Check `knowledge-base/interactions/<professor-slug>.md`. If there's prior contact, this is a
**follow-up**, not a cold email — read what was already said and when, and write something
that adds value rather than just "bumping". If there's no prior contact, it's a cold email.

## Step 3 — Draft a cold email

Keep it tight — roughly 120–200 words, readable on a phone in 20 seconds. Structure:

- **Subject line**: specific and honest, e.g. "Prospective PhD — sim-to-real RL & your
  HiL-SERL work". Use any subject convention the profile Notes specify.
- **Who you are** (one line): name, current position, the single most relevant credential.
- **Why this lab** (the core): reference one genuine, specific hook from the profile — a
  particular recent paper and a real reaction or question, or a concrete link between their
  open problem and the applicant's work. This is the sentence that proves it isn't spam.
- **What you're asking**: a clear, low-friction ask (whether they're taking students for
  <year>, whether they'd be open to a short chat). One ask, not five.
- **Sign-off**: a line pointing to attached CV / a link, and thanks.

Use at most one or two hooks — piling on every paper reads as a literature review, not a
message. Match the applicant's voice from their profile; don't make them sound like a
press release. Flag with `[brackets]` any specific only the applicant can supply (a result,
a number, a personal motivation) rather than inventing it.

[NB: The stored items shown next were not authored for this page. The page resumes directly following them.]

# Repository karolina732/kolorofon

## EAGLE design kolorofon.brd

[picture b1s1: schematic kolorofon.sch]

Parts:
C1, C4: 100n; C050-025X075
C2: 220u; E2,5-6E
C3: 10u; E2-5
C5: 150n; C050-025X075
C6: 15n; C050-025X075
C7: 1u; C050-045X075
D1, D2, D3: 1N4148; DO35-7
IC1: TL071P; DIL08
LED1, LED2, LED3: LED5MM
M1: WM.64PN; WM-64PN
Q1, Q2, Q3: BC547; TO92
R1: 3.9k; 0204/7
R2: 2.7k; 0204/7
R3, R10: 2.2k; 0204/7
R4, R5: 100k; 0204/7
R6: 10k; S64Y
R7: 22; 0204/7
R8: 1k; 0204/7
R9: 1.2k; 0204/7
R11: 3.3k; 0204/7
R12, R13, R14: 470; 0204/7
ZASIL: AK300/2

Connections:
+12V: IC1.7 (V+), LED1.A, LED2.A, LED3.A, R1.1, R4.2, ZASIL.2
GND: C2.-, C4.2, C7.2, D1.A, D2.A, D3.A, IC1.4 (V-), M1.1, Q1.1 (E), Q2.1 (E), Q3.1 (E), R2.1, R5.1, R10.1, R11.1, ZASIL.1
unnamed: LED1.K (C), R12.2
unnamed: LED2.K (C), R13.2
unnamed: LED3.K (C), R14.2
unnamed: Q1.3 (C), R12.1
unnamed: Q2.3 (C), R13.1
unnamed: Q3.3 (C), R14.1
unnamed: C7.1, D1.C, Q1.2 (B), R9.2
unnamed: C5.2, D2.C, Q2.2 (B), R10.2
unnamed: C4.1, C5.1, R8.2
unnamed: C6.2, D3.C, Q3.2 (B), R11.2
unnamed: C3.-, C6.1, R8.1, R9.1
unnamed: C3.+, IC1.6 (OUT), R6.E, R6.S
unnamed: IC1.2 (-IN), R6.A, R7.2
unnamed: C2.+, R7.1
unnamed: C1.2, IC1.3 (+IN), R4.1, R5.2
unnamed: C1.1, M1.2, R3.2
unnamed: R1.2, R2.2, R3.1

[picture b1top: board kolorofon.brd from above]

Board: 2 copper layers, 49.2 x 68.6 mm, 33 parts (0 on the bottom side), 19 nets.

## Step 4 — Draft a follow-up

A follow-up should be shorter than the original and give a *reason* to re-engage, not just
guilt. Good reasons: a new relevant result or paper of the applicant's, a brief
clarification of fit, or a genuinely new specific question about their work. Keep it polite,
brief, and easy to ignore-or-reply. Reference the prior email lightly ("following up on my
note from <date>"). Never be pushy or imply obligation — respect that silence is an answer.

## Step 5 — Produce the draft and log it

Present the draft to the applicant clearly (subject + body), with any `[brackets]` they must
fill and a one-line note on why you chose the hook you did. Do **not** send it.

Then append an entry to `knowledge-base/interactions/<professor-slug>.md` following the
interaction-log format in `shared/schemas/README.md`:

```markdown
### <date> — drafted: cold email
Subject: ...
Summary: one line on the angle/hook used
Follow-up due: <date ~10–14 days out>
Status: draft — awaiting user send
```

Set a sensible follow-up date (typically ~2 weeks for a cold email). If the applicant
confirms they've sent it, update Status to "sent". Offer to have **application-tracker**
watch the follow-up date.

## Guardrails

Follow `shared/references/ethics.md` without exception. Never fabricate a shared interest,
a paper, a result, or enthusiasm the applicant doesn't have — a professor who catches one
invented detail discards the whole message and remembers the name. If genuine fit is thin,
say so to the applicant rather than papering over it with flattery; a weaker but honest
email beats a strong dishonest one. And never send — the applicant always reviews first.